Entries provided
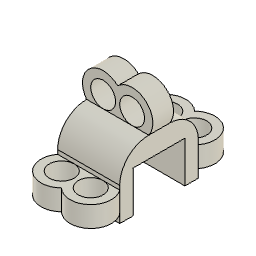
cleaning_cartridge_bracket v4 (Autodesk Fusion 360 design; units mm, degrees)
Autodesk Fusion 360 part; units mm, degrees
note: some values were not read from the file. Set by a fixed rule: which sketch regions a step uses.
sketch "Sketch1" plane through (0, 0, 0) normal (0, 0, 1) x (1, 0, 0)
  line L0 (7.5, -9.5) -> (-7.5, -9.5)
  line L1 (-7.5, -9.5) -> (-7.5, 9.5)
  line L2 (-7.5, 9.5) -> (7.5, 9.5)
  line L3 (7.5, 9.5) -> (7.5, -9.5)
  line L4 (7.5, -9.5) -> (-7.5, 9.5) construction
  line L5 (-7.5, -9.5) -> (7.5, 9.5) construction
  dimension "d1" = 15
  dimension "d2" = 19
  constraint horizontal L0
  constraint perpendicular L0 L1
  constraint parallel L0 L2
  constraint parallel L1 L3
  constraint coincident L4 origin
  constraint coincident L5 origin
  measures "d1" distance of L1.end L2.end
  measures "d2" distance of L0.end L1.end
extrude "Extrude1" add sketch "Sketch1" against normal blind 15
sketch "Sketch2" plane through (0, 0, -15) normal (0, 0, -1) x (1, 0, 0)
  line L0 (-7.5, -9.5) -> (7.5, -9.5)
  line L1 (7.5, -9.5) -> (7.5, 9.5)
  line L2 (7.5, 9.5) -> (-7.5, 9.5)
  line L3 (-7.5, 9.5) -> (-7.5, -9.5)
  line L4 (7.5, 6.25) -> (-7.5, 6.25)
  line L5 (-7.5, 6.25) -> (-7.5, -6.25)
  line L6 (-7.5, -6.25) -> (7.5, -6.25)
  line L7 (7.5, -6.25) -> (7.5, 6.25)
  line L8 (7.5, 6.25) -> (-7.5, -6.25) construction
  line L9 (-7.5, 6.25) -> (7.5, -6.25) construction
  dimension "d5" = 15
  dimension "d6" = 12.5
  constraint horizontal L4
  constraint perpendicular L4 L5
  constraint parallel L4 L6
  constraint parallel L5 L7
  constraint coincident L8 origin
  constraint coincident L9 origin
  measures "d5" distance of L5.end L6.end
  measures "d6" distance of L4.end L5.end
extrude "Extrude2" cut sketch "Sketch2" against normal blind 10 contours L1 L3 L4 L5 L6 L7
fillet "Fillet1" radius 7 2 edges at (0, 9.5, 0) (0, -9.5, 0)
ref_plane "WorkPlane1" through (0, 0, 0) normal (0, 1, 0) x (0, 0, 1)
sketch "Sketch4" plane through (0, 0, 0) normal (0, 1, 0) x (1, 0, 0)
  line L0 (-7.5, 0) -> (-7.5, 7)
  line L1 (7.5, 7) -> (7.5, 0)
  line L2 (7.5, 0) -> (-7.5, 0)
  line L3 (-7.5, 7) -> (-7.5, 15)
  line L4 (7.5, 15) -> (-7.5, 15)
  line L5 (7.5, 7) -> (7.5, 15)
  line L6 (0, 0) -> (-3.5, 0) construction
  line L7 (0, 0) -> (3.5, 0) construction
  line L8 (-3.5, 0) -> (-3.5, -3) construction
  line L9 (3.5, 0) -> (3.5, -3) construction
  circle A0 centre (3.5, -3) radius 3
  circle A1 centre (-3.5, -3) radius 3
  circle A2 centre (-3.5, -3) radius 5
  circle A3 centre (3.5, -3) radius 5
  dimension "d20" = 3.5
  dimension "d21" = 3.5
  dimension "d22" = 3
  dimension "d23" = 3
  dimension "d24" = 6
  dimension "d25" = 6
  dimension "d26" = 10
  dimension "d27" = 10
  constraint coincident L6.start L7.start
  constraint parallel L2 L6
  constraint parallel L2 L7
  constraint perpendicular L2 L8
  constraint perpendicular L7 L9
  constraint coincident L9.end A0.centre
  constraint coincident L8.end A1.centre
  constraint concentric A1 A2
  constraint concentric A0 A3
  measures "d20" distance of L6.start L6.end
  measures "d21" distance of L6.start L7.end
  measures "d22" distance of L6.end L8.end
  measures "d23" distance of L7.end L9.end
  measures "d24" diameter of A0
  measures "d25" diameter of A1
  measures "d26" diameter of A2
  measures "d27" diameter of A3
extrude "Extrude3" add sketch "Sketch4" along normal mid plane 5 contours L2 A2 A3 | L2 A1 A2 A3 | L2 A1 A3 | L2 A2 A3 | L2 A0 A1 A2 A3 | L2 A0 A2 A3 | L2 A0 A2 picked at (-1.7132, 0.4693) picked at (1.7132, 0.4693)
ref_plane "WorkPlane2" through (0, 0, -8) normal (0, 0, 1) x (1, 0, 0)
sketch "Sketch5" plane through (0, 0, -8) normal (0, 0, 1) x (1, 0, 0)
  line L0 (-7.5, 6.25) -> (-7.5, 9.5)
  line L1 (-7.5, -9.5) -> (-7.5, -6.25)
  line L2 (-7.5, 9.5) -> (7.5, 9.5)
  line L3 (7.5, 9.5) -> (7.5, 6.25)
  line L4 (7.5, -6.25) -> (7.5, -9.5)
  line L5 (7.5, -9.5) -> (-7.5, -9.5)
  line L6 (0, 9.5) -> (-3.5, 9.5) construction
  line L7 (0, 9.5) -> (3.5, 9.5) construction
  line L8 (-3.5, 9.5) -> (-3.5, 12.5) construction
  line L9 (3.5, 9.5) -> (3.5, 12.5) construction
  line L10 (10.0516, 0) -> (-10.1091, 0) construction
  circle A0 centre (3.5, 12.5) radius 3
  circle A1 centre (-3.5, 12.5) radius 3
  circle A2 centre (-3.5, 12.5) radius 5
  circle A3 centre (3.5, 12.5) radius 5
  circle A4 centre (3.5, -12.5) radius 5
  circle A5 centre (3.5, -12.5) radius 3
  circle A6 centre (-3.5, -12.5) radius 5
  circle A7 centre (-3.5, -12.5) radius 3
  line L11 (8.5, 2.5) -> (7.5, 2.5)
  line L12 (7.5, -2.5) -> (8.5, -2.5)
  line L13 (7.5, -6.25) -> (7.5, -2.5)
  line L14 (7.5, 2.5) -> (7.5, 6.25)
  line L15 (8.5, 2.5) -> (8.5, -2.5)
  line L16 (-7.5, 2.5) -> (-8.5, 2.5)
  line L17 (-8.5, -2.5) -> (-7.5, -2.5)
  line L18 (-7.5, 6.25) -> (-7.5, 2.5)
  line L19 (-7.5, -2.5) -> (-7.5, -6.25)
  line L20 (-8.5, 2.5) -> (-8.5, -2.5)
  dimension "d31" = 3.5
  dimension "d32" = 3.5
  dimension "d33" = 3
  dimension "d34" = 3
  dimension "d35" = 6
  dimension "d36" = 6
  dimension "d37" = 10
  dimension "d38" = 10
  constraint midpoint L2 L6.start
  constraint perpendicular L0 L6
  constraint parallel L2 L7
  constraint perpendicular L6 L8
  constraint perpendicular L7 L9
  constraint coincident L9.end A0.centre
  constraint coincident L8.end A1.centre
  constraint concentric A1 A2
  constraint concentric A0 A3
  constraint symmetric L10 A0 A5
  constraint symmetric L10 A1 A7
  constraint symmetric L10 A2 A6
  constraint symmetric L10 A3 A4
  measures "d31" distance of L6.start L6.end
  measures "d32" distance of L6.start L7.end
  measures "d33" distance of L6.end L8.end
  measures "d34" distance of L7.end L9.end
  measures "d35" diameter of A0
  measures "d36" diameter of A1
  measures "d37" diameter of A2
  measures "d38" diameter of A3
extrude "Extrude4" add sketch "Sketch5" against normal blind 5 contours L2 A1 A2 A3 | L2 A1 A3 | L2 A0 A2 A3 | L2 A0 A1 A2 A3 | L2 A0 A2 | L5 A4 A6 A7 | L5 A4 A7 | L5 A4 A5 A6 | L5 A4 A5 A6 A7 | L5 A5 A6
equation "d2 = 13 mm + 3 mm + 3 mm"

What is needed
Start with the line above that contains "line L8 (7.5, 6.25)" and stop after the line that contains "line L6 (0, 0) -> (-3.5, 0) construction". Output those lines exactly, and only those.

Written solution
  line L8 (7.5, 6.25) -> (-7.5, -6.25) construction
  line L9 (-7.5, 6.25) -> (7.5, -6.25) construction
  dimension "d5" = 15
  dimension "d6" = 12.5
  constraint horizontal L4
  constraint perpendicular L4 L5
  constraint parallel L4 L6
  constraint parallel L5 L7
  constraint coincident L8 origin
  constraint coincident L9 origin
  measures "d5" distance of L5.end L6.end
  measures "d6" distance of L4.end L5.end
extrude "Extrude2" cut sketch "Sketch2" against normal blind 10 contours L1 L3 L4 L5 L6 L7
fillet "Fillet1" radius 7 2 edges at (0, 9.5, 0) (0, -9.5, 0)
ref_plane "WorkPlane1" through (0, 0, 0) normal (0, 1, 0) x (0, 0, 1)
sketch "Sketch4" plane through (0, 0, 0) normal (0, 1, 0) x (1, 0, 0)
  line L0 (-7.5, 0) -> (-7.5, 7)
  line L1 (7.5, 7) -> (7.5, 0)
  line L2 (7.5, 0) -> (-7.5, 0)
  line L3 (-7.5, 7) -> (-7.5, 15)
  line L4 (7.5, 15) -> (-7.5, 15)
  line L5 (7.5, 7) -> (7.5, 15)
  line L6 (0, 0) -> (-3.5, 0) construction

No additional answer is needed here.